And some perfective versions of them.

I suspect "-on-" is a part of a word core here.


----------



## wyrzyk

-anąć sounds really weird, but I found a number of examples on Google (jebanąć, stukanąć, kopanąć, machanąć, walanąć, klękanąć) and I guess they can’t all be typos. I wonder which Polish dialect might use such words…


----------



## Drakonica

wyrzyk said:


> -anąć sounds really weird, but I found a number of examples on Google (jebanąć, stukanąć, kopanąć, machanąć, walanąć, klękanąć) and I guess they can’t all be typos. I wonder which Polish dialect might use such words…

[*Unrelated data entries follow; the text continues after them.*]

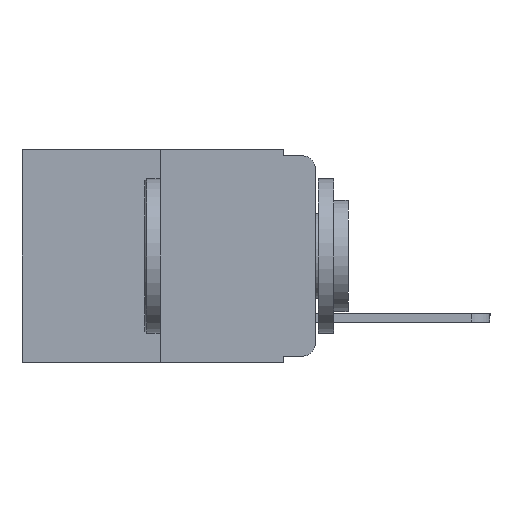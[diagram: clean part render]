
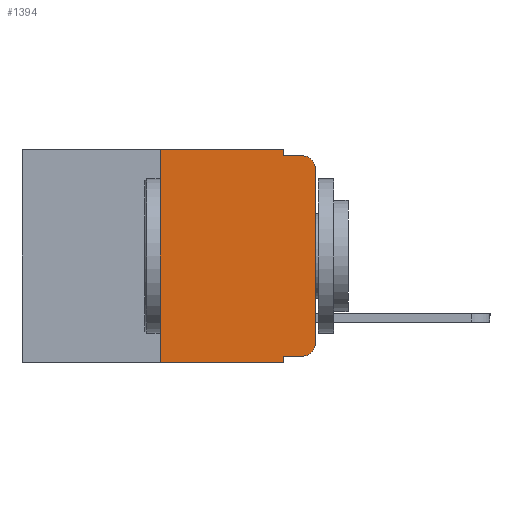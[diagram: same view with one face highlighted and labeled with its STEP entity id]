
A CAD part, left-side view. The second image highlights one B-rep face of the part: STEP entity #1394.
In plain terms, the highlighted planar face has unit normal (-1, 0, 0).
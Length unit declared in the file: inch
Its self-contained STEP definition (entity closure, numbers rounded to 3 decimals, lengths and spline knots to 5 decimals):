
#51 = CARTESIAN_POINT ( 'NONE',  ( 0., 0.051, -0.333 ) ) ;
#210 = EDGE_CURVE ( 'NONE', #1624, #1306, #15572, .T. ) ;
#361 = DIRECTION ( 'NONE',  ( 0., -1., 0. ) ) ;
#1216 = EDGE_CURVE ( 'NONE', #1306, #7808, #3694, .T. ) ;
#1306 = VERTEX_POINT ( 'NONE', #14944 ) ;
#1387 = DIRECTION ( 'NONE',  ( -1., 0., 0. ) ) ;
#1394 = ADVANCED_FACE ( 'NONE', ( #12796 ), #8373, .F. ) ;
#1551 = VERTEX_POINT ( 'NONE', #9295 ) ;
#1624 = VERTEX_POINT ( 'NONE', #13946 ) ;
#1901 = CARTESIAN_POINT ( 'NONE',  ( 0., 0., -0.03 ) ) ;
#1921 = VERTEX_POINT ( 'NONE', #14978 ) ;
#2277 = VERTEX_POINT ( 'NONE', #6408 ) ;
#2470 = CARTESIAN_POINT ( 'NONE',  ( 0., 0.25, -0.343 ) ) ;
#3202 = VERTEX_POINT ( 'NONE', #1901 ) ;
#3694 = CIRCLE ( 'NONE', #9888, 0.02 ) ;
#3838 = DIRECTION ( 'NONE',  ( 0., -1., 0. ) ) ;
#4128 = EDGE_CURVE ( 'NONE', #7808, #3202, #12061, .T. ) ;
#4379 = CARTESIAN_POINT ( 'NONE',  ( 0., 0.051, -0.343 ) ) ;
#4823 = VERTEX_POINT ( 'NONE', #4379 ) ;
#4989 = VERTEX_POINT ( 'NONE', #11772 ) ;
#5062 = LINE ( 'NONE', #13606, #20707 ) ;
#6408 = CARTESIAN_POINT ( 'NONE',  ( 0., 0.051, -0.01 ) ) ;
#6953 = DIRECTION ( 'NONE',  ( 0., -1., 0. ) ) ;
#7467 = DIRECTION ( 'NONE',  ( 0., -1., 0. ) ) ;
#7548 = EDGE_CURVE ( 'NONE', #8425, #4823, #14599, .T. ) ;
#7808 = VERTEX_POINT ( 'NONE', #11474 ) ;
#7909 = VECTOR ( 'NONE', #17127, 39.37008 ) ;
#7979 = CIRCLE ( 'NONE', #13161, 0.02 ) ;
#8373 = PLANE ( 'NONE',  #13572 ) ;
#8418 = VECTOR ( 'NONE', #6953, 39.37008 ) ;
#8425 = VERTEX_POINT ( 'NONE', #2470 ) ;
#8596 = EDGE_CURVE ( 'NONE', #2277, #1921, #5062, .T. ) ;
#8642 = CARTESIAN_POINT ( 'NONE',  ( 0., 0.473, 0. ) ) ;
#9066 = LINE ( 'NONE', #17941, #16503 ) ;
#9295 = CARTESIAN_POINT ( 'NONE',  ( 0., 0.25, 0. ) ) ;
#9774 = CARTESIAN_POINT ( 'NONE',  ( 0., 0., 0. ) ) ;
#9883 = EDGE_CURVE ( 'NONE', #1624, #4823, #9066, .T. ) ;
#9888 = AXIS2_PLACEMENT_3D ( 'NONE', #16943, #16154, #15455 ) ;
#10025 = EDGE_LOOP ( 'NONE', ( #12259, #12470, #12678, #12743, #12898, #12948, #13164, #13176, #13274, #13367 ) ) ;
#10623 = VECTOR ( 'NONE', #361, 39.37008 ) ;
#10733 = VECTOR ( 'NONE', #18582, 39.37008 ) ;
#10994 = CARTESIAN_POINT ( 'NONE',  ( 0., 0.473, -0.343 ) ) ;
#11474 = CARTESIAN_POINT ( 'NONE',  ( 0., 0., -0.313 ) ) ;
#11691 = VECTOR ( 'NONE', #3838, 39.37008 ) ;
#11772 = CARTESIAN_POINT ( 'NONE',  ( 0., 0.051, 0. ) ) ;
#11783 = CARTESIAN_POINT ( 'NONE',  ( 0., 0.02, -0.03 ) ) ;
#12061 = LINE ( 'NONE', #9774, #7909 ) ;
#12259 = ORIENTED_EDGE ( 'NONE', *, *, #4128, .T. ) ;
#12345 = VECTOR ( 'NONE', #13109, 39.37008 ) ;
#12470 = ORIENTED_EDGE ( 'NONE', *, *, #18133, .T. ) ;
#12678 = ORIENTED_EDGE ( 'NONE', *, *, #8596, .F. ) ;
#12743 = ORIENTED_EDGE ( 'NONE', *, *, #16344, .F. ) ;
#12796 = FACE_OUTER_BOUND ( 'NONE', #10025, .T. ) ;
#12810 = LINE ( 'NONE', #20193, #12345 ) ;
#12898 = ORIENTED_EDGE ( 'NONE', *, *, #19714, .F. ) ;
#12948 = ORIENTED_EDGE ( 'NONE', *, *, #17063, .F. ) ;
#13001 = LINE ( 'NONE', #8642, #8418 ) ;
#13109 = DIRECTION ( 'NONE',  ( 0., 0., -1. ) ) ;
#13132 = CARTESIAN_POINT ( 'NONE',  ( 0., 0.473, 0. ) ) ;
#13161 = AXIS2_PLACEMENT_3D ( 'NONE', #11783, #1387, #13255 ) ;
#13164 = ORIENTED_EDGE ( 'NONE', *, *, #7548, .T. ) ;
#13176 = ORIENTED_EDGE ( 'NONE', *, *, #9883, .F. ) ;
#13231 = DIRECTION ( 'NONE',  ( 0., 0., -1. ) ) ;
#13255 = DIRECTION ( 'NONE',  ( 0., 0., -1. ) ) ;
#13274 = ORIENTED_EDGE ( 'NONE', *, *, #210, .T. ) ;
#13367 = ORIENTED_EDGE ( 'NONE', *, *, #1216, .T. ) ;
#13572 = AXIS2_PLACEMENT_3D ( 'NONE', #13132, #18509, #13231 ) ;
#13606 = CARTESIAN_POINT ( 'NONE',  ( 0., 0.051, -0.01 ) ) ;
#13946 = CARTESIAN_POINT ( 'NONE',  ( 0., 0.051, -0.333 ) ) ;
#14599 = LINE ( 'NONE', #10994, #10623 ) ;
#14700 = LINE ( 'NONE', #19989, #10733 ) ;
#14944 = CARTESIAN_POINT ( 'NONE',  ( 0., 0.02, -0.333 ) ) ;
#14978 = CARTESIAN_POINT ( 'NONE',  ( 0., 0.02, -0.01 ) ) ;
#15455 = DIRECTION ( 'NONE',  ( 0., 0., -1. ) ) ;
#15572 = LINE ( 'NONE', #51, #11691 ) ;
#16154 = DIRECTION ( 'NONE',  ( -1., 0., 0. ) ) ;
#16344 = EDGE_CURVE ( 'NONE', #4989, #2277, #12810, .T. ) ;
#16503 = VECTOR ( 'NONE', #19349, 39.37008 ) ;
#16943 = CARTESIAN_POINT ( 'NONE',  ( 0., 0.02, -0.313 ) ) ;
#17063 = EDGE_CURVE ( 'NONE', #8425, #1551, #14700, .T. ) ;
#17127 = DIRECTION ( 'NONE',  ( 0., 0., 1. ) ) ;
#17941 = CARTESIAN_POINT ( 'NONE',  ( 0., 0.051, 0. ) ) ;
#18133 = EDGE_CURVE ( 'NONE', #3202, #1921, #7979, .T. ) ;
#18509 = DIRECTION ( 'NONE',  ( 1., 0., 0. ) ) ;
#18582 = DIRECTION ( 'NONE',  ( 0., 0., 1. ) ) ;
#19349 = DIRECTION ( 'NONE',  ( 0., 0., -1. ) ) ;
#19714 = EDGE_CURVE ( 'NONE', #1551, #4989, #13001, .T. ) ;
#19989 = CARTESIAN_POINT ( 'NONE',  ( 0., 0.25, 0. ) ) ;
#20193 = CARTESIAN_POINT ( 'NONE',  ( 0., 0.051, 0. ) ) ;
#20707 = VECTOR ( 'NONE', #7467, 39.37008 ) ;
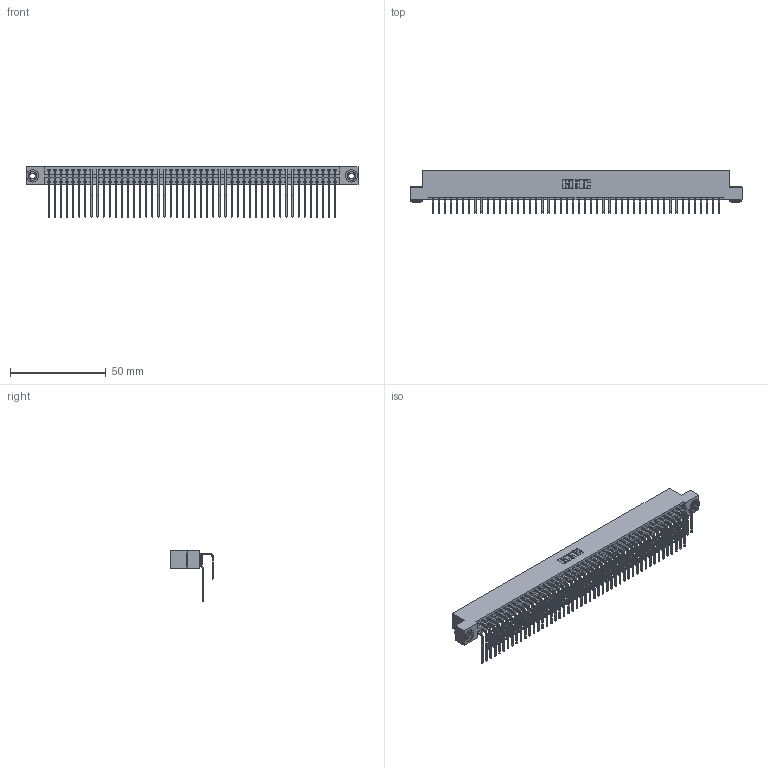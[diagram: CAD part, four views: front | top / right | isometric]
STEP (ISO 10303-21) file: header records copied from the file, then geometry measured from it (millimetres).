
FILE_DESCRIPTION (( 'STEP AP203' ), '1' );
FILE_NAME ('346-096-558-203.STEP', '2022-05-26T16:59:56', ( '' ), ( '' ), 'SwSTEP 2.0', 'SolidWorks 2020', '' );
FILE_SCHEMA (( 'CONFIG_CONTROL_DESIGN' ));
Length unit declared in the file: inch
Products named in the file (5): 345-292-001_558 559 Tail - 1; 345-292-001_558 Tail - 2; 346 Part_Flush Mounting Lugs - 0.156 Dia-TH; 346-096-558-203; 345-250-002_345-250-002-102
Assembly tree (99 placements, depth 2):
  346-096-558-203
    346 Part_Flush Mounting Lugs - 0.156 Dia-TH
    345-292-001_558 559 Tail - 1  x48
    345-292-001_558 Tail - 2  x48
    345-250-002_345-250-002-102  x2
Bounding box: 172.97 x 22.16 x 26.16 mm (x, y, z)
Volume: 17468.8 mm3; surface area: 27011.9 mm2
Topology: 99 solids, 99 shells, 5358 faces, 15897 edges, 10466 vertices
Faces by surface type: plane 3652, cylinder 1698, cone 8
Entity records: 33368 total; most frequent: CARTESIAN_POINT 5524, ORIENTED_EDGE 5398, DIRECTION 4921, EDGE_CURVE 2699, LINE 2311, VECTOR 2311, VERTEX_POINT 1794, AXIS2_PLACEMENT_3D 1305
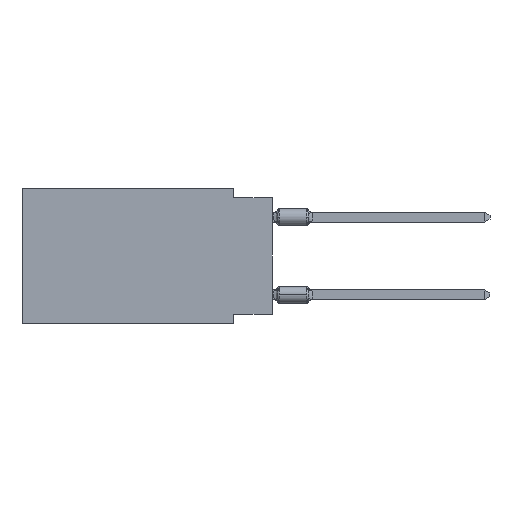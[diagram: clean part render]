
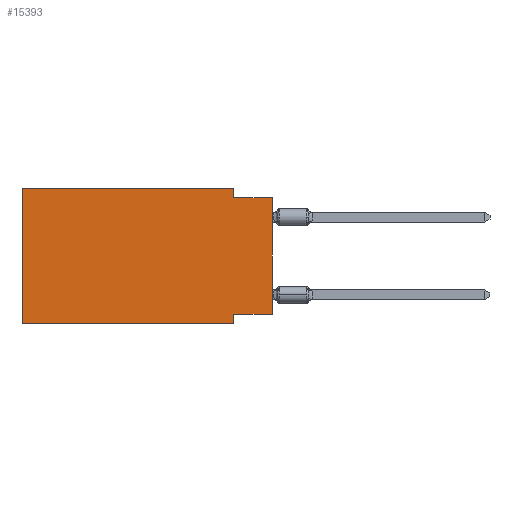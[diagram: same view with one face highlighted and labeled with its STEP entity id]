
A CAD part, left-side view. The second image highlights one B-rep face of the part: STEP entity #15393.
In plain terms, the highlighted planar face has unit normal (-1, 0, 0).
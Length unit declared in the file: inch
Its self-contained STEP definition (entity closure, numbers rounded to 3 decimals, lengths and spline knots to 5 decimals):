
#335 = CARTESIAN_POINT ( 'NONE',  ( 0., 0.645, 0. ) ) ;
#429 = DIRECTION ( 'NONE',  ( 0., -1., 0. ) ) ;
#1164 = DIRECTION ( 'NONE',  ( 0., -1., 0. ) ) ;
#1274 = VERTEX_POINT ( 'NONE', #18950 ) ;
#1664 = ORIENTED_EDGE ( 'NONE', *, *, #20436, .F. ) ;
#1726 = EDGE_CURVE ( 'NONE', #8211, #17821, #8997, .T. ) ;
#1745 = LINE ( 'NONE', #6429, #19245 ) ;
#1758 = ORIENTED_EDGE ( 'NONE', *, *, #8743, .T. ) ;
#1874 = LINE ( 'NONE', #3521, #15126 ) ;
#1951 = LINE ( 'NONE', #8589, #7513 ) ;
#2037 = EDGE_CURVE ( 'NONE', #1274, #2453, #3445, .T. ) ;
#2193 = ORIENTED_EDGE ( 'NONE', *, *, #1726, .F. ) ;
#2453 = VERTEX_POINT ( 'NONE', #335 ) ;
#3065 = DIRECTION ( 'NONE',  ( 0., 0., 1. ) ) ;
#3185 = EDGE_LOOP ( 'NONE', ( #18824, #19082, #2193, #8213, #14848, #1758, #1664, #10081 ) ) ;
#3275 = LINE ( 'NONE', #20140, #19017 ) ;
#3445 = LINE ( 'NONE', #16729, #18498 ) ;
#3483 = VERTEX_POINT ( 'NONE', #8584 ) ;
#3521 = CARTESIAN_POINT ( 'NONE',  ( 0., 0.1, -0.35 ) ) ;
#4543 = EDGE_CURVE ( 'NONE', #7119, #13173, #1745, .T. ) ;
#5606 = VECTOR ( 'NONE', #10518, 39.37008 ) ;
#5652 = DIRECTION ( 'NONE',  ( 1., 0., 0. ) ) ;
#6428 = DIRECTION ( 'NONE',  ( 0., -1., 0. ) ) ;
#6429 = CARTESIAN_POINT ( 'NONE',  ( 0., 0., 0. ) ) ;
#7119 = VERTEX_POINT ( 'NONE', #9603 ) ;
#7513 = VECTOR ( 'NONE', #429, 39.37008 ) ;
#7830 = EDGE_CURVE ( 'NONE', #17821, #13173, #11080, .T. ) ;
#8189 = CARTESIAN_POINT ( 'NONE',  ( 0., 0., -0.025 ) ) ;
#8211 = VERTEX_POINT ( 'NONE', #14308 ) ;
#8213 = ORIENTED_EDGE ( 'NONE', *, *, #8847, .F. ) ;
#8584 = CARTESIAN_POINT ( 'NONE',  ( 0., 0.1, -0.35 ) ) ;
#8589 = CARTESIAN_POINT ( 'NONE',  ( 0., 0.645, 0. ) ) ;
#8743 = EDGE_CURVE ( 'NONE', #1274, #3483, #3275, .T. ) ;
#8805 = CARTESIAN_POINT ( 'NONE',  ( 0., 0.1, -0.325 ) ) ;
#8847 = EDGE_CURVE ( 'NONE', #2453, #8211, #1951, .T. ) ;
#8997 = LINE ( 'NONE', #14009, #5606 ) ;
#9603 = CARTESIAN_POINT ( 'NONE',  ( 0., 0., -0.325 ) ) ;
#9750 = CARTESIAN_POINT ( 'NONE',  ( 0., 0.1, -0.025 ) ) ;
#10081 = ORIENTED_EDGE ( 'NONE', *, *, #11513, .F. ) ;
#10518 = DIRECTION ( 'NONE',  ( 0., 0., -1. ) ) ;
#10791 = VERTEX_POINT ( 'NONE', #8805 ) ;
#11080 = LINE ( 'NONE', #14559, #11336 ) ;
#11336 = VECTOR ( 'NONE', #1164, 39.37008 ) ;
#11513 = EDGE_CURVE ( 'NONE', #7119, #10791, #16435, .T. ) ;
#12424 = FACE_OUTER_BOUND ( 'NONE', #3185, .T. ) ;
#12632 = PLANE ( 'NONE',  #18981 ) ;
#13173 = VERTEX_POINT ( 'NONE', #8189 ) ;
#13735 = DIRECTION ( 'NONE',  ( 0., 0., -1. ) ) ;
#14009 = CARTESIAN_POINT ( 'NONE',  ( 0., 0.1, 0. ) ) ;
#14308 = CARTESIAN_POINT ( 'NONE',  ( 0., 0.1, 0. ) ) ;
#14559 = CARTESIAN_POINT ( 'NONE',  ( 0., 0., -0.025 ) ) ;
#14848 = ORIENTED_EDGE ( 'NONE', *, *, #2037, .F. ) ;
#15094 = DIRECTION ( 'NONE',  ( 0., 0., 1. ) ) ;
#15126 = VECTOR ( 'NONE', #13735, 39.37008 ) ;
#15393 = ADVANCED_FACE ( 'NONE', ( #12424 ), #12632, .F. ) ;
#15794 = DIRECTION ( 'NONE',  ( 0., 0., -1. ) ) ;
#16011 = CARTESIAN_POINT ( 'NONE',  ( 0., 0.645, 0. ) ) ;
#16435 = LINE ( 'NONE', #21142, #18126 ) ;
#16541 = DIRECTION ( 'NONE',  ( 0., 1., 0. ) ) ;
#16729 = CARTESIAN_POINT ( 'NONE',  ( 0., 0.645, 0. ) ) ;
#17821 = VERTEX_POINT ( 'NONE', #9750 ) ;
#18126 = VECTOR ( 'NONE', #16541, 39.37008 ) ;
#18498 = VECTOR ( 'NONE', #15094, 39.37008 ) ;
#18824 = ORIENTED_EDGE ( 'NONE', *, *, #4543, .T. ) ;
#18950 = CARTESIAN_POINT ( 'NONE',  ( 0., 0.645, -0.35 ) ) ;
#18981 = AXIS2_PLACEMENT_3D ( 'NONE', #16011, #5652, #15794 ) ;
#19017 = VECTOR ( 'NONE', #6428, 39.37008 ) ;
#19082 = ORIENTED_EDGE ( 'NONE', *, *, #7830, .F. ) ;
#19245 = VECTOR ( 'NONE', #3065, 39.37008 ) ;
#20140 = CARTESIAN_POINT ( 'NONE',  ( 0., 0.645, -0.35 ) ) ;
#20436 = EDGE_CURVE ( 'NONE', #10791, #3483, #1874, .T. ) ;
#21142 = CARTESIAN_POINT ( 'NONE',  ( 0., 0., -0.325 ) ) ;

Can you link these examples?


----------



## nizzebro

ahvalj said:


> It indeed functions like that in modern Russian (in that there are verbs in _-ануть/-anutʲ _added to stems in consonant clusters, like _долбануть/dolbanutʲ_ with no _-нуть/-nutʲ _counterpart) and perhaps in Ukrainian, but I doubt that was the original state of affairs. In particular, these pairs don't always share the same stress position, e. g. _ёбнуть/jóbnutʲ_ but _ебану́ть/jebanútʲ, __дёрнуть/dʲórnutʲ_ but _дергану́ть/dʲerganútʲ_ (the _-ануть/-anutʲ_ verbs are always end-stressed, even when their _-нуть/-nutʲ_ counterparts aren't).


But, are these supposed to keep the same positions? I guess it is a natural shift to ease the pronunciation - as the final unstressed _-уть_ itself requires some effort, which is difficult to maintain when it doesn't follow the stressed syllable directly, but comes only after the intermediate syllable - that also needs to be more or less clear in sound.

But I agree that it is not the only factor - because these forms (in general colloquial) has some aspectual nuance, related to the imagery of the action as something either accented in degree, exaggerated, or a bit prolonged - which within the language "matrix", in respect to aspectuality,  is phonetically associated with the /a/ sound, and, some modality is also present that causes the speaker to choose such form - and, modality is probably the general factor: on the one hand, they are like lazy to produce the intense pattern with the consonant cluster like _стукнуть - _and on the other hand, they either rely on that the act was more "spread-out" than usual, or, they personally convey that with some loosey showing-off tone - resulting in _стукануть_.


----------



## ahvalj

nizzebro said:


> But, are these supposed to keep the same positions? I guess it is a natural shift to ease the pronunciation - as the final unstressed _-уть_ itself requires some effort, which is difficult to maintain when it doesn't follow the stressed syllable directly, but comes only after the intermediate syllable - that also needs to be more or less clear in sound.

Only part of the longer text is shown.